Yeni bir yıla daha başladık. Bu, üçüncü yılım olacak öğretmenlikte. Artık buranın en tecrübeli öğretmenlerinden biriyim. Öyle ki müdür olmayan arkadaşım kalmadı -daha deneyimli öğretmenlerin hepsinin batıya bir yerlere tayini çıktı. Benim de doğu hizmetim değil ama burada yaşama limitim yavaştan doluyor sanırım. Önceleri hissettiğim o "bilinmeyen toprakları keşif, toplumun her kesimine hizmet" duygularını artık pek hissetmiyorum. Bakalım.

Öğrenciler resmi tatillerden dolayı bu yıl okula bir hafta erken başlayacaklar. Bu bizi olumsuz etkiliyor çünkü bizim çocuklar, geçen yıl olduğu gibi, fındık toplamaya batı karadenize gittiler, çoğu da bayrama kadar gelmeyecek. Biz habire müfredatı yetiştirme uğraşı vereceğiz. Mezun verdiklerimiz ise geç geldikleri için lise kayıtlarını kaçıracak ve sonra bizi ziyaret edip "okumaya devam edemedik, gelecek sene gideceğiz" cümleleri eşliğinde gözleri dolacak ama gelecek sene de mevsimlik işçi olup kayıtları kaçıracaklar.

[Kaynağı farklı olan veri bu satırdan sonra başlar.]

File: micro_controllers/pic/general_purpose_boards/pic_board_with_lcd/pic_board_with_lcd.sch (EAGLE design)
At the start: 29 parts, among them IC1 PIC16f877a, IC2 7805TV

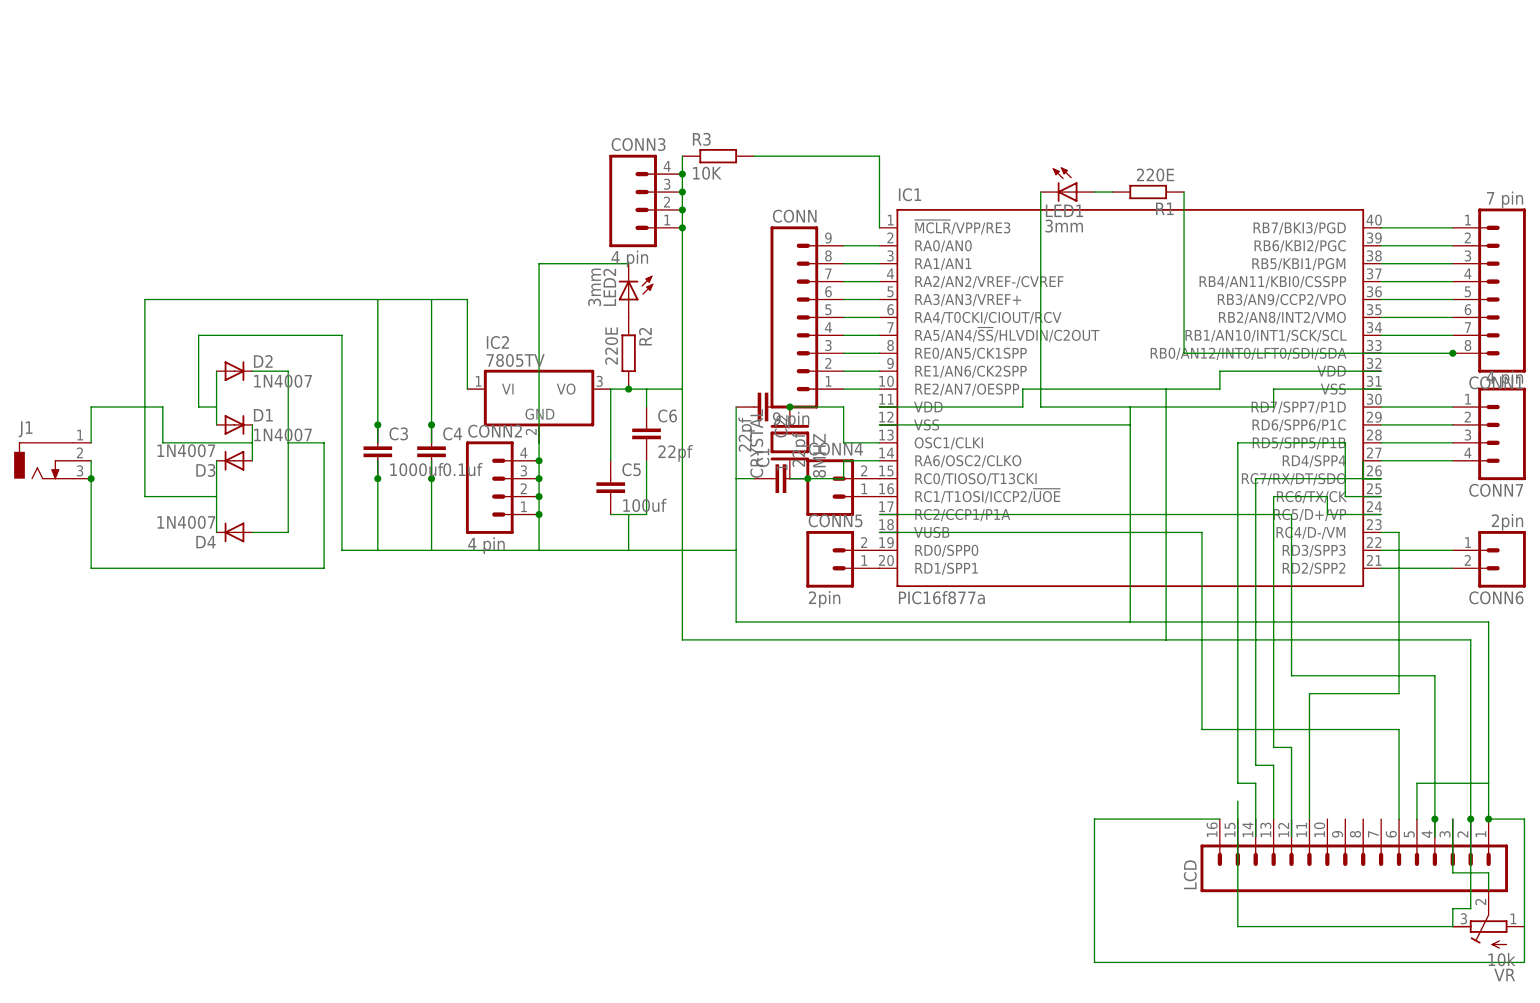
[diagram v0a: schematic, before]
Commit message: 
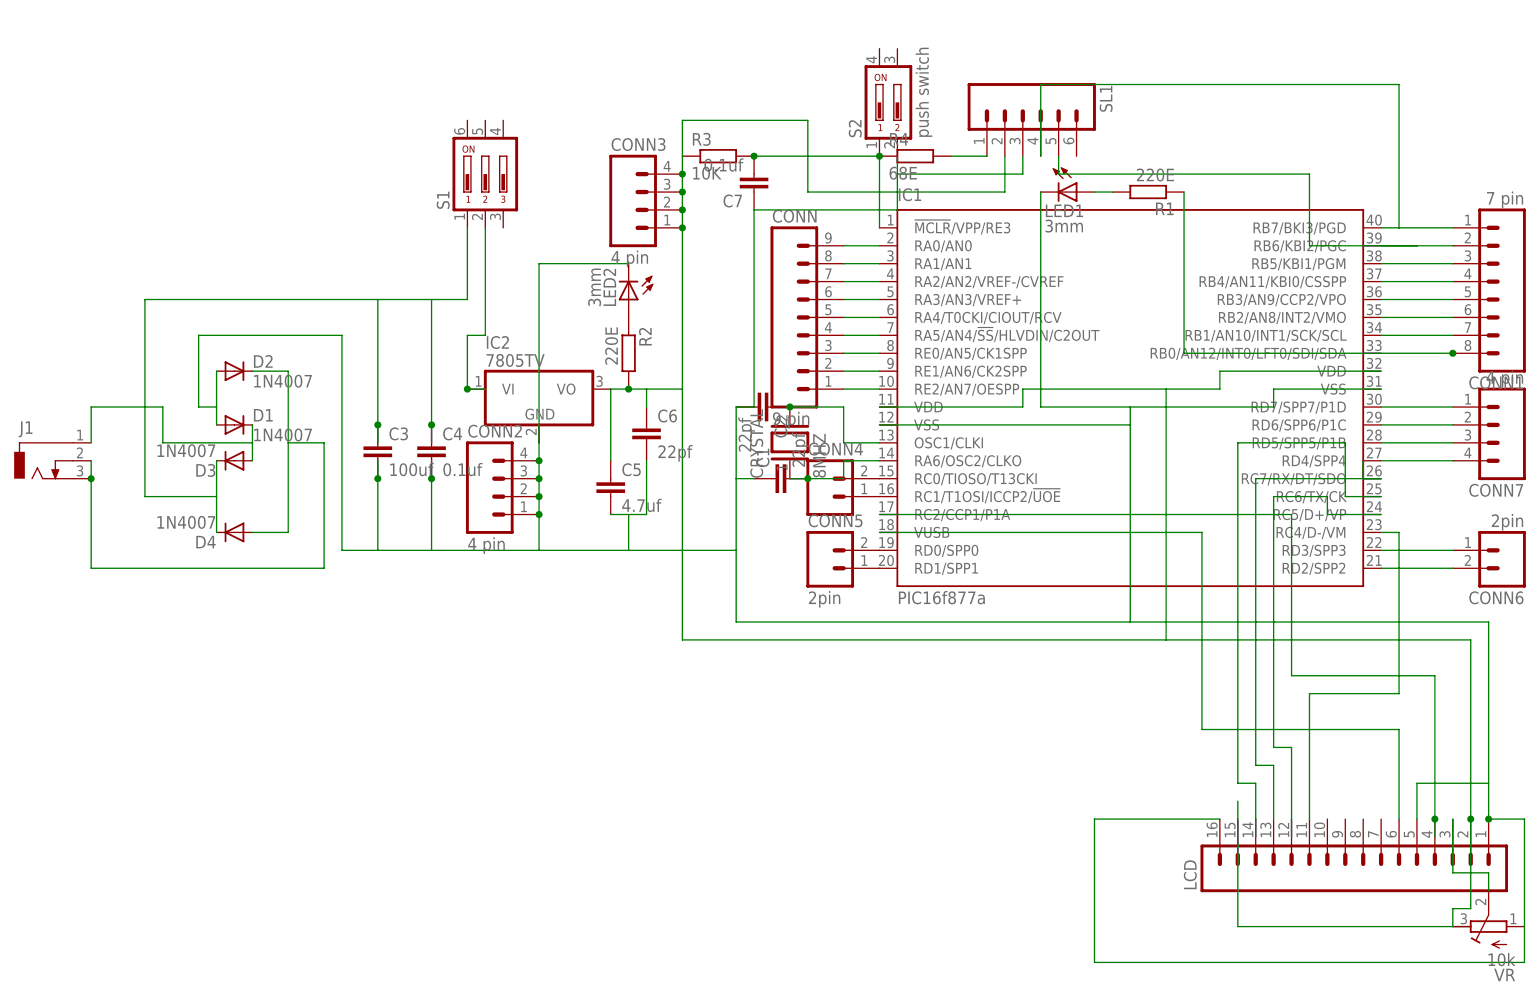
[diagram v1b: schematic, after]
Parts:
- added C7: 0.1uf, capacitor-wima:C2,5-3
- added R4: 68E, rcl:R-EU_0204/7
- added S1: (no value), switch-dil:DA03
- added S2: push switch, switch-dil:DP02
- added SL1: (no value), con-amp-quick:M06
- C3: value 1000uf -> 100uf
- C5: value 100uf -> 4.7uf
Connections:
- new net N$44: IC2.VI, S1.2
- new net N$45: R4.2, SL1.1
- net N$19: now also SL1.4
- net N$20: now also SL1.5
- net N$30: now also S1.1; no longer IC2.VI
- net N$33: now also SL1.2
- net N$35: now also C7.1, S2.2, SL1.3
- net N$39: now also C7.2, R4.1, S2.1
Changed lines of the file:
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@@
 <part name="D3" library="diode" deviceset="1N4004" device="" value="1N4007"/>
 <part name="D4" library="diode" deviceset="1N4004" device="" value="1N4007"/>
-<part name="C3" library="capacitor-wima" deviceset="C" device="5/7.2" value="1000uf"/>
+<part name="C3" library="capacitor-wima" deviceset="C" device="5/7.2" value="100uf"/>
 <part name="C4" library="capacitor-wima" deviceset="C" device="2,5-3" value="0.1uf"/>
 <part name="J1" library="con-jack" deviceset="DCJ0303" device=""/>
 <part name="IC2" library="linear" deviceset="78*" device="TV" technology="05"/>
-<part name="C5" library="capacitor-wima" deviceset="C" device="5/7.2" value="100uf"/>
+<part name="C5" library="capacitor-wima" deviceset="C" device="5/7.2" value="4.7uf"/>
 <part name="C6" library="capacitor-wima" deviceset="C" device="2.5/2" value="22pf"/>
 <part name="R1" library="rcl" deviceset="R-EU_" device="0204/7" value="220E"/>
@@
 <attribute name="OC_NEWARK" value="unknown"/>
 </part>
+<part name="S2" library="switch-dil" deviceset="DP02" device="" value="push switch"/>
+<part name="C7" library="capacitor-wima" deviceset="C" device="2,5-3" value="0.1uf"/>
+<part name="S1" library="switch-dil" deviceset="DA03" device=""/>
+<part name="SL1" library="con-amp-quick" deviceset="M06" device=""/>
+<part name="R4" library="rcl" deviceset="R-EU_" device="0204/7" value="68E"/>
 </parts>
 <sheets>
@@
 <instance part="CONN6" gate="G$1" x="134.62" y="38.1" rot="R180"/>
 <instance part="CONN7" gate="G$1" x="132.08" y="55.88" rot="R180"/>
+<instance part="S2" gate="1" x="45.72" y="101.6"/>
+<instance part="C7" gate="G$1" x="27.94" y="88.9" rot="R180"/>
+<instance part="S1" gate="1" x="-10.16" y="91.44"/>
+<instance part="SL1" gate="G$1" x="66.04" y="99.06" rot="R270"/>
+<instance part="R4" gate="G$1" x="50.8" y="93.98"/>
 </instances>
 <busses>
@@
 <pinref part="IC1" gate="G$1" pin="RB7/BKI3/PGD"/>
 <pinref part="CONN1" gate="G$1" pin="1"/>
-<wire x1="127" y1="83.82" x2="116.84" y2="83.82" width="0.1524" layer="91"/>
+<wire x1="127" y1="83.82" x2="119.38" y2="83.82" width="0.1524" layer="91"/>
+<pinref part="SL1" gate="G$1" pin="4"/>
+<wire x1="119.38" y1="83.82" x2="116.84" y2="83.82" width="0.1524" layer="91"/>
+<wire x1="68.58" y1="93.98" x2="68.58" y2="104.14" width="0.1524" layer="91"/>
+<wire x1="68.58" y1="104.14" x2="119.38" y2="104.14" width="0.1524" layer="91"/>
+<wire x1="119.38" y1="104.14" x2="119.38" y2="83.82" width="0.1524" layer="91"/>
 </segment>
 </net>
@@
 <pinref part="IC1" gate="G$1" pin="RB6/KBI2/PGC"/>
 <pinref part="CONN1" gate="G$1" pin="2"/>
-<wire x1="127" y1="81.28" x2="116.84" y2="81.28" width="0.1524" layer="91"/>
+<wire x1="127" y1="81.28" x2="121.92" y2="81.28" width="0.1524" layer="91"/>
+<pinref part="SL1" gate="G$1" pin="5"/>
+<wire x1="121.92" y1="81.28" x2="116.84" y2="81.28" width="0.1524" layer="91"/>
+<wire x1="71.12" y1="93.98" x2="71.12" y2="91.44" width="0.1524" layer="91"/>
+<wire x1="71.12" y1="91.44" x2="106.68" y2="91.44" width="0.1524" layer="91"/>
+<wire x1="106.68" y1="91.44" x2="106.68" y2="81.28" width="0.1524" layer="91"/>
+<wire x1="106.68" y1="81.28" x2="121.92" y2="81.28" width="0.1524" layer="91"/>
 </segment>
 </net>
@@
 <pinref part="C3" gate="G$1" pin="1"/>
 <junction x="-25.4" y="55.88"/>
-<pinref part="IC2" gate="A1" pin="VI"/>
-<wire x1="-12.7" y1="73.66" x2="-12.7" y2="60.96" width="0.1524" layer="91"/>
+<pinref part="S1" gate="1" pin="1"/>
+<wire x1="-12.7" y1="73.66" x2="-12.7" y2="83.82" width="0.1524" layer="91"/>
 </segment>
 </net>
@@
 <wire x1="96.52" y1="0" x2="96.52" y2="-15.24" width="0.1524" layer="91"/>
 <wire x1="96.52" y1="-15.24" x2="127" y2="-15.24" width="0.1524" layer="91"/>
+<pinref part="SL1" gate="G$1" pin="2"/>
+<wire x1="63.5" y1="93.98" x2="63.5" y2="88.9" width="0.1524" layer="91"/>
+<wire x1="63.5" y1="88.9" x2="35.56" y2="88.9" width="0.1524" layer="91"/>
+<wire x1="35.56" y1="88.9" x2="35.56" y2="99.06" width="0.1524" layer="91"/>
+<wire x1="35.56" y1="99.06" x2="17.78" y2="99.06" width="0.1524" layer="91"/>
+<wire x1="17.78" y1="99.06" x2="17.78" y2="93.98" width="0.1524" layer="91"/>
 </segment>
 </net>
@@
 <wire x1="76.2" y1="-20.32" x2="137.16" y2="-20.32" width="0.1524" layer="91"/>
 <wire x1="137.16" y1="-20.32" x2="137.16" y2="-15.24" width="0.1524" layer="91"/>
+<pinref part="C7" gate="G$1" pin="1"/>
+<wire x1="25.4" y1="58.42" x2="27.94" y2="58.42" width="0.1524" layer="91"/>
+<wire x1="27.94" y1="58.42" x2="27.94" y2="86.36" width="0.1524" layer="91"/>
+<pinref part="S2" gate="1" pin="2"/>
+<wire x1="27.94" y1="86.36" x2="48.26" y2="86.36" width="0.1524" layer="91"/>
+<wire x1="48.26" y1="86.36" x2="48.26" y2="91.44" width="0.1524" layer="91"/>
+<pinref part="SL1" gate="G$1" pin="3"/>
+<wire x1="48.26" y1="91.44" x2="48.26" y2="93.98" width="0.1524" layer="91"/>
+<wire x1="66.04" y1="93.98" x2="66.04" y2="91.44" width="0.1524" layer="91"/>
+<wire x1="66.04" y1="91.44" x2="48.26" y2="91.44" width="0.1524" layer="91"/>
 </segment>
 </net>
@@
 <wire x1="45.72" y1="93.98" x2="27.94" y2="93.98" width="0.1524" layer="91"/>
 <pinref part="R3" gate="G$1" pin="2"/>
+<pinref part="S2" gate="1" pin="1"/>
+<junction x="45.72" y="93.98"/>
+<pinref part="C7" gate="G$1" pin="2"/>
+<junction x="27.94" y="93.98"/>
+<pinref part="R4" gate="G$1" pin="1"/>
 </segment>
 </net>
@@
 </segment>
 </net>
+<net name="N$44" class="0">
+<segment>
+<wire x1="-10.16" y1="60.96" x2="-12.7" y2="60.96" width="0.1524" layer="91"/>
+<wire x1="-12.7" y1="60.96" x2="-12.7" y2="68.58" width="0.1524" layer="91"/>
+<pinref part="S1" gate="1" pin="2"/>
+<wire x1="-12.7" y1="68.58" x2="-10.16" y2="68.58" width="0.1524" layer="91"/>
+<wire x1="-10.16" y1="68.58" x2="-10.16" y2="83.82" width="0.1524" layer="91"/>
+<pinref part="IC2" gate="A1" pin="VI"/>
+<junction x="-12.7" y="60.96"/>
+</segment>
+</net>
+<net name="N$45" class="0">
+<segment>
+<pinref part="R4" gate="G$1" pin="2"/>
+<pinref part="SL1" gate="G$1" pin="1"/>
+<wire x1="55.88" y1="93.98" x2="60.96" y2="93.98" width="0.1524" layer="91"/>
+</segment>
+</net>

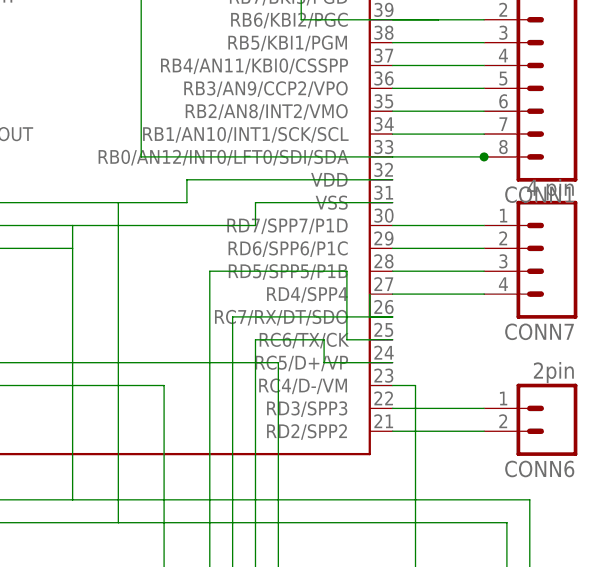
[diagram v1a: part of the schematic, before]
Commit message: 
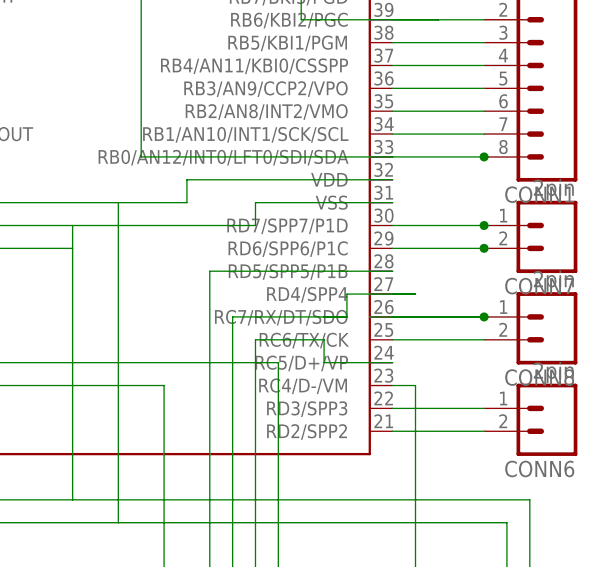
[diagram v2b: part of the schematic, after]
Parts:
- added CONN8: 2pin, con-amp-quick:M02
- CONN7: value 4 pin -> 2pin; device con-amp-quick:M04 -> con-amp-quick:M02
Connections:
- removed net N$37: CONN7.4, IC1.RD4/SPP4
- new net N$48: CONN8.1, IC1.RC7/RX/DT/SDO
- net N$36: now also CONN8.2, IC1.RC6/TX/CK; no longer CONN7.3, IC1.RD5/SPP5/P1B
- net N$42: now also IC1.RD4/SPP4; no longer IC1.RC6/TX/CK
- net N$43: now also IC1.RD5/SPP5/P1B; no longer IC1.RC7/RX/DT/SDO
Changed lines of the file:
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@@
 <part name="CONN4" library="con-amp-quick" deviceset="M02" device=""/>
 <part name="CONN6" library="con-amp-quick" deviceset="M02" device="" value="2pin"/>
-<part name="CONN7" library="con-amp-quick" deviceset="M04" device="" value="4 pin">
+<part name="S2" library="switch-dil" deviceset="DP02" device="" value="push switch"/>
+<part name="C7" library="capacitor-wima" deviceset="C" device="2,5-3" value="0.1uf"/>
+<part name="S1" library="switch-dil" deviceset="DA03" device=""/>
+<part name="SL1" library="con-amp-quick" deviceset="M06" device=""/>
+<part name="R4" library="rcl" deviceset="R-EU_" device="0204/7" value="68E"/>
+<part name="CONN7" library="con-amp-quick" deviceset="M02" device="" value="2pin">
 <attribute name="MF" value=""/>
 <attribute name="MPN" value=""/>
@@
 <attribute name="OC_NEWARK" value="unknown"/>
 </part>
-<part name="S2" library="switch-dil" deviceset="DP02" device="" value="push switch"/>
-<part name="C7" library="capacitor-wima" deviceset="C" device="2,5-3" value="0.1uf"/>
-<part name="S1" library="switch-dil" deviceset="DA03" device=""/>
-<part name="SL1" library="con-amp-quick" deviceset="M06" device=""/>
-<part name="R4" library="rcl" deviceset="R-EU_" device="0204/7" value="68E"/>
+<part name="CONN8" library="con-amp-quick" deviceset="M02" device="" value="2pin">
+<attribute name="MF" value=""/>
+<attribute name="MPN" value=""/>
+<attribute name="OC_FARNELL" value="unknown"/>
+<attribute name="OC_NEWARK" value="unknown"/>
+</part>
 </parts>
 <sheets>
@@
 <instance part="CONN4" gate="G$1" x="38.1" y="45.72"/>
 <instance part="CONN6" gate="G$1" x="134.62" y="38.1" rot="R180"/>
-<instance part="CONN7" gate="G$1" x="132.08" y="55.88" rot="R180"/>
 <instance part="S2" gate="1" x="45.72" y="101.6"/>
 <instance part="C7" gate="G$1" x="27.94" y="88.9" rot="R180"/>
@@
 <instance part="SL1" gate="G$1" x="66.04" y="99.06" rot="R270"/>
 <instance part="R4" gate="G$1" x="50.8" y="93.98"/>
+<instance part="CONN7" gate="G$1" x="134.62" y="58.42" rot="R180"/>
+<instance part="CONN8" gate="G$1" x="134.62" y="48.26" rot="R180"/>
 </instances>
 <busses>
@@
 <pinref part="CONN7" gate="G$1" pin="1"/>
 <wire x1="127" y1="58.42" x2="116.84" y2="58.42" width="0.1524" layer="91"/>
+<junction x="127" y="58.42"/>
 </segment>
 </net>
@@
 <pinref part="CONN7" gate="G$1" pin="2"/>
 <wire x1="127" y1="55.88" x2="116.84" y2="55.88" width="0.1524" layer="91"/>
-</segment>
-</net>
-<net name="N$36" class="0">
-<segment>
-<pinref part="IC1" gate="G$1" pin="RD5/SPP5/P1B"/>
-<pinref part="CONN7" gate="G$1" pin="3"/>
-<wire x1="127" y1="53.34" x2="116.84" y2="53.34" width="0.1524" layer="91"/>
-</segment>
-</net>
-<net name="N$37" class="0">
-<segment>
-<pinref part="IC1" gate="G$1" pin="RD4/SPP4"/>
-<pinref part="CONN7" gate="G$1" pin="4"/>
-<wire x1="127" y1="50.8" x2="116.84" y2="50.8" width="0.1524" layer="91"/>
+<junction x="127" y="55.88"/>
 </segment>
 </net>
@@
 <net name="N$42" class="0">
 <segment>
-<pinref part="IC1" gate="G$1" pin="RC6/TX/CK"/>
-<wire x1="116.84" y1="45.72" x2="111.76" y2="45.72" width="0.1524" layer="91"/>
-<wire x1="111.76" y1="45.72" x2="111.76" y2="48.26" width="0.1524" layer="91"/>
-<wire x1="111.76" y1="48.26" x2="99.06" y2="48.26" width="0.1524" layer="91"/>
+<wire x1="111.76" y1="48.26" x2="109.22" y2="48.26" width="0.1524" layer="91"/>
+<wire x1="109.22" y1="48.26" x2="99.06" y2="48.26" width="0.1524" layer="91"/>
 <wire x1="99.06" y1="48.26" x2="99.06" y2="7.62" width="0.1524" layer="91"/>
 <pinref part="LCD" gate="G$1" pin="13"/>
 <wire x1="99.06" y1="7.62" x2="101.6" y2="7.62" width="0.1524" layer="91"/>
 <wire x1="101.6" y1="7.62" x2="101.6" y2="0" width="0.1524" layer="91"/>
+<wire x1="109.22" y1="48.26" x2="111.76" y2="48.26" width="0.1524" layer="91"/>
+<wire x1="111.76" y1="48.26" x2="111.76" y2="50.8" width="0.1524" layer="91"/>
+<pinref part="IC1" gate="G$1" pin="RD4/SPP4"/>
+<wire x1="119.38" y1="50.8" x2="116.84" y2="50.8" width="0.1524" layer="91"/>
+<wire x1="111.76" y1="50.8" x2="119.38" y2="50.8" width="0.1524" layer="91"/>
 </segment>
 </net>
 <net name="N$43" class="0">
 <segment>
-<pinref part="IC1" gate="G$1" pin="RC7/RX/DT/SDO"/>
-<wire x1="116.84" y1="48.26" x2="114.3" y2="48.26" width="0.1524" layer="91"/>
-<wire x1="114.3" y1="48.26" x2="114.3" y2="50.8" width="0.1524" layer="91"/>
-<wire x1="116.84" y1="48.26" x2="111.76" y2="48.26" width="0.1524" layer="91"/>
-<wire x1="111.76" y1="48.26" x2="111.76" y2="53.34" width="0.1524" layer="91"/>
 <wire x1="111.76" y1="53.34" x2="96.52" y2="53.34" width="0.1524" layer="91"/>
 <wire x1="96.52" y1="53.34" x2="96.52" y2="5.08" width="0.1524" layer="91"/>
@@
 <wire x1="99.06" y1="5.08" x2="99.06" y2="0" width="0.1524" layer="91"/>
 <wire x1="99.06" y1="0" x2="99.06" y2="-2.54" width="0.1524" layer="91"/>
+<pinref part="IC1" gate="G$1" pin="RD5/SPP5/P1B"/>
+<wire x1="111.76" y1="53.34" x2="116.84" y2="53.34" width="0.1524" layer="91"/>
 </segment>
 </net>
@@
 </segment>
 </net>
+<net name="N$48" class="0">
+<segment>
+<pinref part="IC1" gate="G$1" pin="RC7/RX/DT/SDO"/>
+<wire x1="127" y1="48.26" x2="114.3" y2="48.26" width="0.1524" layer="91"/>
+<pinref part="CONN8" gate="G$1" pin="1"/>
+<junction x="127" y="48.26"/>
+<wire x1="127" y1="48.26" x2="116.84" y2="48.26" width="0.1524" layer="91"/>
+</segment>
+</net>
+<net name="N$36" class="0">
+<segment>
+<pinref part="IC1" gate="G$1" pin="RC6/TX/CK"/>
+<pinref part="CONN8" gate="G$1" pin="2"/>
+<wire x1="127" y1="45.72" x2="116.84" y2="45.72" width="0.1524" layer="91"/>
+</segment>
+</net>

Ve bu böyle sürüp gidecek.

Tüm öğretenlere yeni eğitim-öğretim yılında başarılar diliyorum.

14 Eylül 2008 Pazar

Güdülenme II

Gözleri fır dönüyor. Bu mu? Yok. Peki ya şu? Bilmem ki. Bak bu da iyiymiş.

Her akşam öğretmenevine geliyor. Çoklukla yanında kendi gibi arkadaşları oluyor. Olmasa da birilerini bulup masalarına ilişiyor. Birkaç bardak çay içip dönüyor. Gözleri fır dönüyor.

Muhtemelen Anadolu üniversitelerinin birinden mezun olmuş. Kimbilir ne öğretmeni. Atanmış da artık. Parası var. Eksik olan ne var?

Gözleri fır dönüyor. O da haklı. Sıcak bir yuvası olsun ister.

Okulu bitirip mesleği eline aldıktan sonra evlenmek gerek. Ne kaldı ki geriye yapacak? Çocuk? Evet. Öyle güdülenmiş. Anası, dayıoğlu, eniştesi 'Ee oralardan hayırlı bir kısmet bulursun artık' iğnelemeleriyle uğurlamış onu.

Hiç mi dünyayı görmek istemez? Hiç mi olgunlaşmak istemez? Bilinmez.

Gözleri fır dönüyor. Aradığını bulamıyor. Umut sonra atanacaklara kaldı.